AT ONE TIME, THE garden around the adobe had been lovely. Jason could appreciate it even now that it was overgrown. The huge oak in the center of the garden shaded most of it from the late morning sun. The wild tangle of vines and bushes had not yet obliterated all of the winding paths.
He tried to find a clearing where they could spread out the picnic Jade had made, and then decided on a spot near the old tree. It was on the sunny side where the deep covering of leaves were no longer moist from the fog. When he spied a particularly striking oak leaf, one that was dappled with color, he bent to pick it up for Jade.
Afraid to lay out the food and leave it while he went back to find her, J.T. carried it back with him. He thought she was coming right out, but she had not followed him. She must have needed more time alone.
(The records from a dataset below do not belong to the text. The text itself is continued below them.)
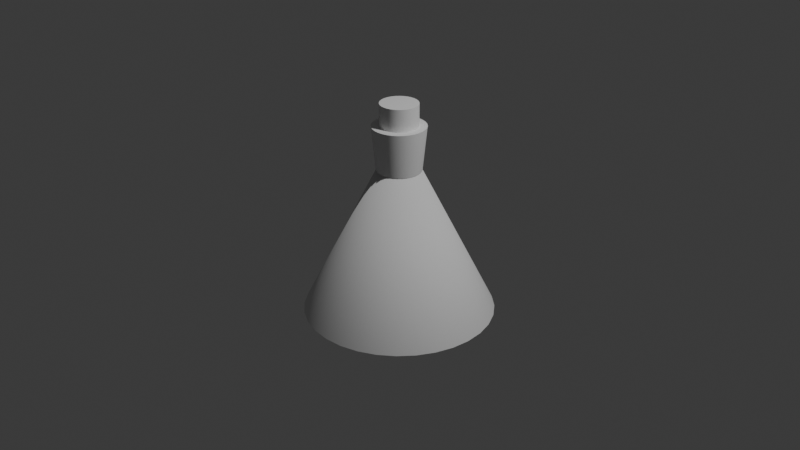 # Source: UNCOLORED_CONE_POTION.blend  (saved by Blender 5.1.30; exported with 4.5.12 LTS)
import bpy
from mathutils import Matrix  # noqa: F401  (used for matrix-valued properties, if any)

bpy.ops.wm.read_factory_settings(use_empty=True)
scene = bpy.context.scene
scene.name = 'Scene'

# ---- collections
col_collection = bpy.data.collections.new('Collection'); scene.collection.children.link(col_collection)

# ---- node groups
ng_smooth_by_angle = bpy.data.node_groups.new('Smooth by Angle', 'GeometryNodeTree')
_s = ng_smooth_by_angle.interface.new_socket(name='Mesh', in_out='OUTPUT', socket_type='NodeSocketGeometry')
_s = ng_smooth_by_angle.interface.new_socket(name='Mesh', in_out='INPUT', socket_type='NodeSocketGeometry')
_s = ng_smooth_by_angle.interface.new_socket(name='Angle', in_out='INPUT', socket_type='NodeSocketFloat')
_s.subtype = 'ANGLE'
_s.default_value = 0.5236
_s.min_value = 0.0
_s.max_value = 3.142
_s.description = 'Maximum face angle for smooth edges'
_s = ng_smooth_by_angle.interface.new_socket(name='Ignore Sharpness', in_out='INPUT', socket_type='NodeSocketBool')
_s.force_non_field = True
ng_smooth_by_angle.is_modifier = True
_N = ng_smooth_by_angle.nodes; _L = ng_smooth_by_angle.links
n0 = _N.new('GeometryNodeSetShadeSmooth'); n0.name = 'Set Shade Smooth'; n0.location = (120, -80)
n0.domain = 'EDGE'
n1 = _N.new('GeometryNodeSetShadeSmooth'); n1.name = 'Set Shade Smooth.001'; n1.location = (300, -80)
n2 = _N.new('NodeGroupOutput'); n2.name = 'Group Output'; n2.location = (480, -80)
n3 = _N.new('GeometryNodeInputMeshEdgeAngle'); n3.name = 'Edge Angle'; n3.location = (-440, -240)
n4 = _N.new('NodeGroupInput'); n4.name = 'Group Input'; n4.location = (-80, -80)
n5 = _N.new('GeometryNodeInputEdgeSmooth'); n5.name = 'Is Edge Smooth'; n5.location = (-260, -120)
n6 = _N.new('GeometryNodeInputShadeSmooth'); n6.name = 'Is Shade Smooth'; n6.location = (-440, -397)
n7 = _N.new('FunctionNodeCompare'); n7.name = 'Compare'; n7.location = (-260, -260)
n7.operation = 'LESS_EQUAL'
n7.inputs[6].default_value = (0.0, 0.0, 0.0, 0.0)
n7.inputs[7].default_value = (0.0, 0.0, 0.0, 0.0)
n8 = _N.new('FunctionNodeBooleanMath'); n8.name = 'Boolean Math.001'; n8.location = (-80, -260)
n9 = _N.new('NodeGroupInput'); n9.name = 'Group Input.001'; n9.location = (-440, -329)
n10 = _N.new('NodeGroupInput'); n10.name = 'Group Input.002'; n10.location = (-259, -189)
n11 = _N.new('FunctionNodeBooleanMath'); n11.name = 'Boolean Math'; n11.location = (-80, -149)
n11.operation = 'OR'
n12 = _N.new('FunctionNodeBooleanMath'); n12.name = 'Boolean Math.002'; n12.location = (-260, -380)
n12.operation = 'OR'
n13 = _N.new('NodeGroupInput'); n13.name = 'Group Input.003'; n13.location = (-440, -460)
_L.new(n3.outputs[0], n7.inputs[0])
_L.new(n1.outputs[0], n2.inputs[0])
_L.new(n9.outputs[1], n7.inputs[1])
_L.new(n7.outputs[0], n8.inputs[0])
_L.new(n4.outputs[0], n0.inputs[0])
_L.new(n0.outputs[0], n1.inputs[0])
_L.new(n8.outputs[0], n0.inputs[2])
_L.new(n10.outputs[2], n11.inputs[1])
_L.new(n5.outputs[0], n11.inputs[0])
_L.new(n11.outputs[0], n0.inputs[1])
_L.new(n13.outputs[2], n12.inputs[1])
_L.new(n6.outputs[0], n12.inputs[0])
_L.new(n12.outputs[0], n8.inputs[1])
n2.is_active_output = True

# ---- world
world_world = bpy.data.worlds.new('World'); scene.world = world_world
world_world.use_nodes = True; world_world.node_tree.nodes.clear()
_N = world_world.node_tree.nodes; _L = world_world.node_tree.links
n0 = _N.new('ShaderNodeOutputWorld'); n0.name = 'World Output'; n0.location = (200, 100)
n1 = _N.new('ShaderNodeBackground'); n1.name = 'Background'; n1.location = (-200, 100)
n1.inputs[0].default_value = (0.05088, 0.05088, 0.05088, 1.0)
_L.new(n1.outputs[0], n0.inputs[0])
n0.is_active_output = True
world_world.color = (0.05088, 0.05088, 0.05088)
world_world.sun_shadow_jitter_overblur = 0.0

# ---- cameras
cam_camera = bpy.data.cameras.new('Camera')
cam_camera.clip_end = 100.0
cam_camera.ortho_scale = 7.314

# ---- lights
light_light = bpy.data.lights.new('Light', 'POINT')
light_light.energy = 1000.0
light_light.shadow_soft_size = 0.1

# ---- meshes
me_cone = bpy.data.meshes.new('Cone')
me_cone.from_pydata([(0.0, 1.0, -1.0), (0.1951, 0.9808, -1.0), (0.3827, 0.9239, -1.0), (0.5556, 0.8315, -1.0), (0.7071, 0.7071, -1.0), (0.8315, 0.5556, -1.0), (0.9239, 0.3827, -1.0), (0.9808, 0.1951, -1.0), (1.0, 0.0, -1.0), (0.9808, -0.1951, -1.0), (0.9239, -0.3827, -1.0), (0.8315, -0.5556, -1.0), (0.7071, -0.7071, -1.0), (0.5556, -0.8315, -1.0), (0.3827, -0.9239, -1.0), (0.1951, -0.9808, -1.0), (0.0, -1.0, -1.0), (-0.1951, -0.9808, -1.0), (-0.3827, -0.9239, -1.0), (-0.5556, -0.8315, -1.0), (-0.7071, -0.7071, -1.0), (-0.8315, -0.5556, -1.0), (-0.9239, -0.3827, -1.0), (-0.9808, -0.1951, -1.0), (-1.0, 0.0, -1.0), (-0.9808, 0.1951, -1.0), (-0.9239, 0.3827, -1.0), (-0.8315, 0.5556, -1.0), (-0.7071, 0.7071, -1.0), (-0.5556, 0.8315, -1.0), (-0.3827, 0.9239, -1.0), (-0.1951, 0.9808, -1.0), (0.0, 0.0, 1.0)], [], [(0, 32, 1), (1, 32, 2), (2, 32, 3), (3, 32, 4), (4, 32, 5), (5, 32, 6), (6, 32, 7), (7, 32, 8), (8, 32, 9), (9, 32, 10), (10, 32, 11), (11, 32, 12), (12, 32, 13), (13, 32, 14), (14, 32, 15), (15, 32, 16), (16, 32, 17), (17, 32, 18), (18, 32, 19), (19, 32, 20), (20, 32, 21), (21, 32, 22), (22, 32, 23), (23, 32, 24), (24, 32, 25), (25, 32, 26), (26, 32, 27), (27, 32, 28), (28, 32, 29), (29, 32, 30), (0, 1, 2, 3, 4, 5, 6, 7, 8, 9, 10, 11, 12, 13, 14, 15, 16, 17, 18, 19, 20, 21, 22, 23, 24, 25, 26, 27, 28, 29, 30, 31), (30, 32, 31), (31, 32, 0)])
me_cone.polygons.foreach_set('use_smooth', [True] * 33)
_uv = me_cone.uv_layers.new(name='UVMap')
_uv.uv.foreach_set('vector', [0.25, 0.49, 0.25, 0.25, 0.2968, 0.4854, 0.2968, 0.4854, 0.25, 0.25, 0.3418, 0.4717, 0.3418, 0.4717, 0.25, 0.25, 0.3833, 0.4496, 0.3833, 0.4496, 0.25, 0.25, 0.4197, 0.4197, 0.4197, 0.4197, 0.25, 0.25, 0.4496, 0.3833, 0.4496, 0.3833, 0.25, 0.25, 0.4717, 0.3418, 0.4717, 0.3418, 0.25, 0.25, 0.4854, 0.2968, 0.4854, 0.2968, 0.25, 0.25, 0.49, 0.25, 0.49, 0.25, 0.25, 0.25, 0.4854, 0.2032, 0.4854, 0.2032, 0.25, 0.25, 0.4717, 0.1582, 0.4717, 0.1582, 0.25, 0.25, 0.4496, 0.1167, 0.4496, 0.1167, 0.25, 0.25, 0.4197, 0.08029, 0.4197, 0.08029, 0.25, 0.25, 0.3833, 0.05045, 0.3833, 0.05045, 0.25, 0.25, 0.3418, 0.02827, 0.3418, 0.02827, 0.25, 0.25, 0.2968, 0.01461, 0.2968, 0.01461, 0.25, 0.25, 0.25, 0.01, 0.25, 0.01, 0.25, 0.25, 0.2032, 0.01461, 0.2032, 0.01461, 0.25, 0.25, 0.1582, 0.02827, 0.1582, 0.02827, 0.25, 0.25, 0.1167, 0.05045, 0.1167, 0.05045, 0.25, 0.25, 0.08029, 0.08029, 0.08029, 0.08029, 0.25, 0.25, 0.05045, 0.1167, 0.05045, 0.1167, 0.25, 0.25, 0.02827, 0.1582, 0.02827, 0.1582, 0.25, 0.25, 0.01461, 0.2032, 0.01461, 0.2032, 0.25, 0.25, 0.01, 0.25, 0.01, 0.25, 0.25, 0.25, 0.01461, 0.2968, 0.01461, 0.2968, 0.25, 0.25, 0.02827, 0.3418, 0.02827, 0.3418, 0.25, 0.25, 0.05045, 0.3833, 0.05045, 0.3833, 0.25, 0.25, 0.08029, 0.4197, 0.08029, 0.4197, 0.25, 0.25, 0.1167, 0.4496, 0.1167, 0.4496, 0.25, 0.25, 0.1582, 0.4717, 0.75, 0.49, 0.7968, 0.4854, 0.8418, 0.4717, 0.8833, 0.4496, 0.9197, 0.4197, 0.9496, 0.3833, 0.9717, 0.3418, 0.9854, 0.2968, 0.99, 0.25, 0.9854, 0.2032, 0.9717, 0.1582, 0.9496, 0.1167, 0.9197, 0.08029, 0.8833, 0.05045, 0.8418, 0.02827, 0.7968, 0.01461, 0.75, 0.01, 0.7032, 0.01461, 0.6582, 0.02827, 0.6167, 0.05045, 0.5803, 0.08029, 0.5504, 0.1167, 0.5283, 0.1582, 0.5146, 0.2032, 0.51, 0.25, 0.5146, 0.2968, 0.5283, 0.3418, 0.5504, 0.3833, 0.5803, 0.4197, 0.6167, 0.4496, 0.6582, 0.4717, 0.7032, 0.4854, 0.1582, 0.4717, 0.25, 0.25, 0.2032, 0.4854, 0.2032, 0.4854, 0.25, 0.25, 0.25, 0.49])
me_cone.update()
me_cylinder = bpy.data.meshes.new('Cylinder')
me_cylinder.from_pydata([(0.0, 1.0, -1.0), (1.004e-10, 1.2, 1.0), (0.1951, 0.9808, -1.0), (0.2342, 1.177, 1.0), (0.3827, 0.9239, -1.0), (0.4593, 1.109, 1.0), (0.5556, 0.8315, -1.0), (0.6668, 0.998, 1.0), (0.7071, 0.7071, -1.0), (0.8487, 0.8487, 1.0), (0.8315, 0.5556, -1.0), (0.998, 0.6668, 1.0), (0.9239, 0.3827, -1.0), (1.109, 0.4593, 1.0), (0.9808, 0.1951, -1.0), (1.177, 0.2342, 1.0), (1.0, 0.0, -1.0), (1.2, 5.622e-09, 1.0), (0.9808, -0.1951, -1.0), (1.177, -0.2342, 1.0), (0.9239, -0.3827, -1.0), (1.109, -0.4593, 1.0), (0.8315, -0.5556, -1.0), (0.998, -0.6668, 1.0), (0.7071, -0.7071, -1.0), (0.8487, -0.8487, 1.0), (0.5556, -0.8315, -1.0), (0.6668, -0.998, 1.0), (0.3827, -0.9239, -1.0), (0.4593, -1.109, 1.0), (0.1951, -0.9808, -1.0), (0.2342, -1.177, 1.0), (0.0, -1.0, -1.0), (1.004e-10, -1.2, 1.0), (-0.1951, -0.9808, -1.0), (-0.2342, -1.177, 1.0), (-0.3827, -0.9239, -1.0), (-0.4593, -1.109, 1.0), (-0.5556, -0.8315, -1.0), (-0.6668, -0.998, 1.0), (-0.7071, -0.7071, -1.0), (-0.8487, -0.8487, 1.0), (-0.8315, -0.5556, -1.0), (-0.998, -0.6668, 1.0), (-0.9239, -0.3827, -1.0), (-1.109, -0.4593, 1.0), (-0.9808, -0.1951, -1.0), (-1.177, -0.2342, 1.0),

He could sense that as he roamed through the old place with her and watched her eyes brim with unshed tears, but now his stomach was rumbling and she had been alone inside for nearly half an hour.
He paused outside on the veranda, listening for the sound of her footsteps, thinking she might still be upstairs. But the place was quiet. There was no sound of her walking overhead, so he went toward the back of the lower story and walked into the kitchen.